> **EXERCISE**
Where a line in the records below includes "paths", pull that line out.
INFORMATION PROVIDED below:
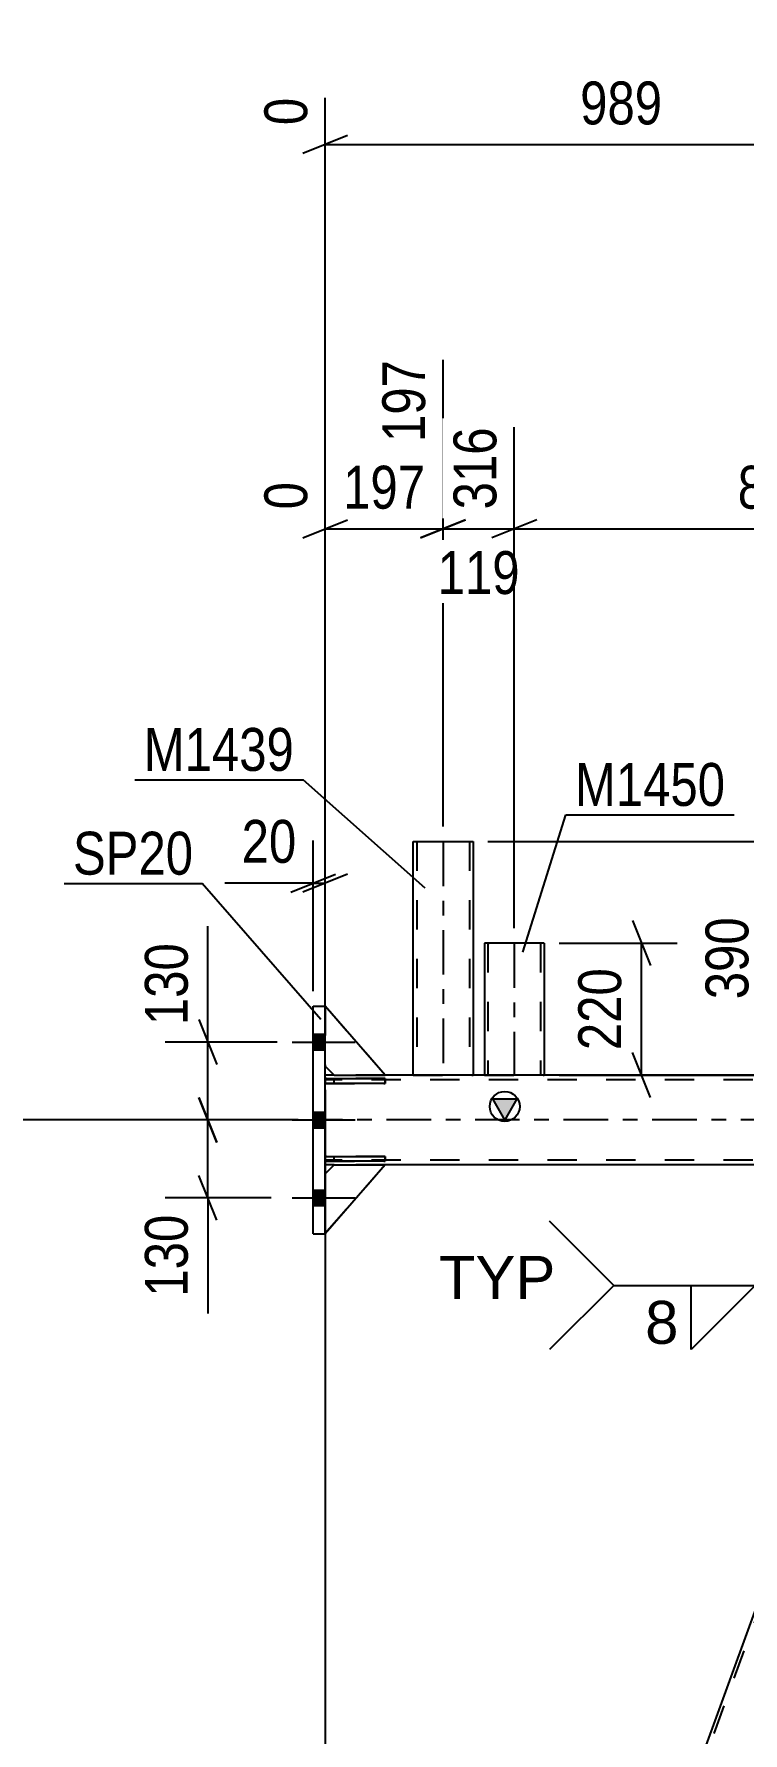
# Model space of a CAD drawing. Header units: millimetres. Extents: x -787 to 402, y -866 to -25.
# Drawn here: x -715.1 to -667.7, y -319.6 to -206.1 of the extents above; entities that cross this region are included whole.
import ezdxf

# ---------------------------------------------------------------- set-up
doc = ezdxf.new("R2010")
doc.units = ezdxf.units.MM
doc.linetypes.add('DXK_LINE_DOT2', pattern=[3.9198, 1.9599, -1.9599])
doc.linetypes.add('DXK_LINE_DOT3', pattern=[5.9187, 2.979, -0.9799, 0.9799, -0.9799])
doc.styles.add('Arial', font='arial.ttf', dxfattribs={"height": 0.2})
doc.styles.add('Arial Narrow', font='ARIALN.TTF', dxfattribs={"height": 0.2})

# ---------------------------------------------------------------- blocks, each defined once
blk = doc.blocks.new('Part-569028579-6480 - 6366')
at = {"color": 2, "linetype": 'Continuous'}
for p, q in [((-699.2, -400.21), (-656.18, -282.01)), ((-694.95, -400.21), (-652.95, -284.81))]:
    blk.add_line(p, q, dxfattribs=at)
at = {"color": 7, "linetype": 'DXK_LINE_DOT2'}
for p, q in [((-699.1, -400.61), (-655.78, -281.61)), ((-695.35, -400.61), (-652.04, -281.61)), ((-656.18, -282.01), (-656.04, -281.61)), ((-651.78, -281.61), (-656.04, -281.61)), ((-652.95, -284.81), (-651.78, -281.61)), ((-699.35, -400.61), (-699.2, -400.21)), ((-695.09, -400.61), (-694.95, -400.21)), ((-699.35, -400.61), (-695.09, -400.61))]:
    blk.add_line(p, q, dxfattribs=at)
blk = doc.blocks.new('Part-569028579-6501 - 6366')
at = {"linetype": 'Continuous'}
blk.add_hatch(color=2, dxfattribs=at).paths.add_polyline_path([(-683.6, -278.61), (-684.4, -277.21), (-682.8, -277.21)])
at = {"color": 2, "linetype": 'Continuous'}
for p, q in [((-695, -275.61), (-695.6, -275.61)), ((-664.25, -275.61), (-691.6, -275.61)), ((-683.6, -278.61), (-684.4, -277.21)), ((-684.4, -277.21), (-682.8, -277.21)), ((-682.8, -277.21), (-683.6, -278.61)), ((-695, -281.61), (-695.6, -281.61)), ((-664.25, -281.61), (-691.6, -281.61))]:
    blk.add_line(p, q, dxfattribs=at)
at = {"color": 7, "linetype": 'DXK_LINE_DOT2'}
for p, q in [((-695.6, -281.61), (-695.6, -275.61)), ((-691.6, -275.61), (-695, -275.61)), ((-102.57, -275.93), (-695.6, -275.93)), ((-102.57, -281.29), (-695.6, -281.29)), ((-691.6, -281.61), (-695, -281.61))]:
    blk.add_line(p, q, dxfattribs=at)
at = {"color": 7, "linetype": 'DXK_LINE_DOT3'}
blk.add_line((-102.57, -278.61), (-695.6, -278.61), dxfattribs=at)
at = {"color": 2, "linetype": 'Continuous'}
blk.add_circle((-683.6, -277.71), 1, dxfattribs=at)
blk = doc.blocks.new('Part-569028579-6521 - 6366')
at = {"color": 2, "linetype": 'Continuous'}
for p, q in [((-696.4, -286.21), (-696.4, -271.01)), ((-696.4, -271.01), (-695.6, -271.01)), ((-695.6, -286.21), (-695.6, -271.01)), ((-696.4, -286.21), (-695.6, -286.21))]:
    blk.add_line(p, q, dxfattribs=at)
blk = doc.blocks.new('Part-569028579-6624 - 6366')
at = {"color": 7, "linetype": 'DXK_LINE_DOT2'}
for p, q in [((-691.6, -275.85), (-695.6, -275.85)), ((-695.6, -275.85), (-695.6, -276.17)), ((-695.6, -276.17), (-691.6, -276.17)), ((-695, -276.17), (-695, -275.85)), ((-691.6, -276.17), (-691.6, -275.85))]:
    blk.add_line(p, q, dxfattribs=at)
blk = doc.blocks.new('Part-569028579-6625 - 6366')
at = {"color": 7, "linetype": 'DXK_LINE_DOT2'}
for p, q in [((-691.6, -281.05), (-695.6, -281.05)), ((-695.6, -281.05), (-695.6, -281.37)), ((-695.6, -281.37), (-691.6, -281.37)), ((-695, -281.37), (-695, -281.05)), ((-691.6, -281.37), (-691.6, -281.05))]:
    blk.add_line(p, q, dxfattribs=at)
blk = doc.blocks.new('Part-569028579-6626 - 6366')
at = {"color": 2, "linetype": 'Continuous'}
for p, q in [((-695.6, -275.85), (-691.6, -275.85)), ((-695.6, -276.17), (-695.6, -275.85)), ((-691.6, -276.17), (-695.6, -276.17)), ((-691.6, -275.85), (-691.6, -276.17))]:
    blk.add_line(p, q, dxfattribs=at)
at = {"color": 7, "linetype": 'DXK_LINE_DOT2'}
blk.add_line((-695, -276.17), (-695, -275.85), dxfattribs=at)
blk = doc.blocks.new('Part-569028579-6627 - 6366')
at = {"color": 2, "linetype": 'Continuous'}
for p, q in [((-695.6, -281.05), (-691.6, -281.05)), ((-695.6, -281.37), (-695.6, -281.05)), ((-691.6, -281.37), (-695.6, -281.37)), ((-691.6, -281.05), (-691.6, -281.37))]:
    blk.add_line(p, q, dxfattribs=at)
at = {"color": 7, "linetype": 'DXK_LINE_DOT2'}
blk.add_line((-695, -281.37), (-695, -281.05), dxfattribs=at)
blk = doc.blocks.new('Part-569028579-6628 - 6366')
at = {"color": 7, "linetype": 'DXK_LINE_DOT2'}
for p, q in [((-691.6, -275.61), (-695.6, -271.01)), ((-695.6, -271.01), (-695.6, -275.01)), ((-695.6, -275.01), (-695, -275.61)), ((-695, -275.61), (-691.6, -275.61))]:
    blk.add_line(p, q, dxfattribs=at)
blk = doc.blocks.new('Part-569028579-6629 - 6366')
at = {"color": 2, "linetype": 'Continuous'}
for p, q in [((-691.6, -275.61), (-695.6, -271.01)), ((-695.6, -275.01), (-695, -275.61)), ((-695, -275.61), (-691.6, -275.61))]:
    blk.add_line(p, q, dxfattribs=at)
at = {"color": 7, "linetype": 'DXK_LINE_DOT2'}
blk.add_line((-695.6, -271.01), (-695.6, -275.01), dxfattribs=at)
blk = doc.blocks.new('Part-569028579-6630 - 6366')
at = {"color": 7, "linetype": 'DXK_LINE_DOT2'}
for p, q in [((-695.6, -282.21), (-695, -281.61)), ((-691.6, -281.61), (-695.6, -286.21)), ((-695.6, -286.21), (-695.6, -282.21)), ((-695, -281.61), (-691.6, -281.61))]:
    blk.add_line(p, q, dxfattribs=at)
blk = doc.blocks.new('Part-569028579-6631 - 6366')
at = {"color": 2, "linetype": 'Continuous'}
for p, q in [((-695.6, -282.21), (-695, -281.61)), ((-691.6, -281.61), (-695.6, -286.21)), ((-695, -281.61), (-691.6, -281.61))]:
    blk.add_line(p, q, dxfattribs=at)
at = {"color": 7, "linetype": 'DXK_LINE_DOT2'}
blk.add_line((-695.6, -286.21), (-695.6, -282.21), dxfattribs=at)
blk = doc.blocks.new('Part-569028579-17700 - 6366')
at = {"color": 2, "linetype": 'Continuous'}
for p, q in [((-689.72, -260.01), (-689.68, -260.01)), ((-689.72, -275.61), (-689.72, -260.01)), ((-689.68, -260.01), (-685.72, -260.01)), ((-685.72, -260.01), (-685.72, -275.61))]:
    blk.add_line(p, q, dxfattribs=at)
at = {"color": 7, "linetype": 'DXK_LINE_DOT2'}
for p, q in [((-689.48, -260.01), (-689.48, -275.61)), ((-689.48, -260.01), (-689.46, -260.01)), ((-685.96, -260.01), (-685.96, -275.61)), ((-689.72, -275.61), (-689.72, -275.61)), ((-689.72, -275.61), (-685.72, -275.61)), ((-685.72, -275.61), (-685.72, -275.61)), ((-685.72, -275.61), (-685.72, -275.61))]:
    blk.add_line(p, q, dxfattribs=at)
at = {"color": 7, "linetype": 'DXK_LINE_DOT3'}
blk.add_line((-687.72, -260.01), (-687.72, -275.61), dxfattribs=at)
blk = doc.blocks.new('Bolt-569028579-6640 - 6366')
at = {"linetype": 'Continuous'}
for points in [[(-696.4, -272.89), (-696.4, -273.93), (-695.6, -273.93), (-695.6, -272.89)], [(-696.4, -272.89), (-696.4, -273.93), (-695.6, -273.93), (-695.6, -272.89)], [(-696.4, -272.89), (-696.4, -273.93), (-695.6, -273.93), (-695.6, -272.89)], [(-696.4, -278.09), (-696.4, -279.13), (-695.6, -279.13), (-695.6, -278.09)], [(-696.4, -278.09), (-696.4, -279.13), (-695.6, -279.13), (-695.6, -278.09)], [(-696.4, -283.29), (-696.4, -284.33), (-695.6, -284.33), (-695.6, -283.29)], [(-696.4, -283.29), (-696.4, -284.33), (-695.6, -284.33), (-695.6, -283.29)], [(-696.4, -283.29), (-696.4, -284.33), (-695.6, -284.33), (-695.6, -283.29)]]:
    blk.add_hatch(color=1, dxfattribs=at).paths.add_polyline_path(points)
at = {"color": 1, "linetype": 'Continuous'}
for p, q in [((-697.8, -273.41), (-693.6, -273.41)), ((-697.8, -273.41), (-693.6, -273.41)), ((-697.8, -273.41), (-693.6, -273.41)), ((-696.4, -272.89), (-695.6, -272.89)), ((-696.4, -272.89), (-695.6, -272.89)), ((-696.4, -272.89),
End of INFORMATION PROVIDED.
> **SOLVED EXERCISE**
blk.add_hatch(color=2, dxfattribs=at).paths.add_polyline_path([(-683.6, -278.61), (-684.4, -277.21), (-682.8, -277.21)])
    blk.add_hatch(color=1, dxfattribs=at).paths.add_polyline_path(points)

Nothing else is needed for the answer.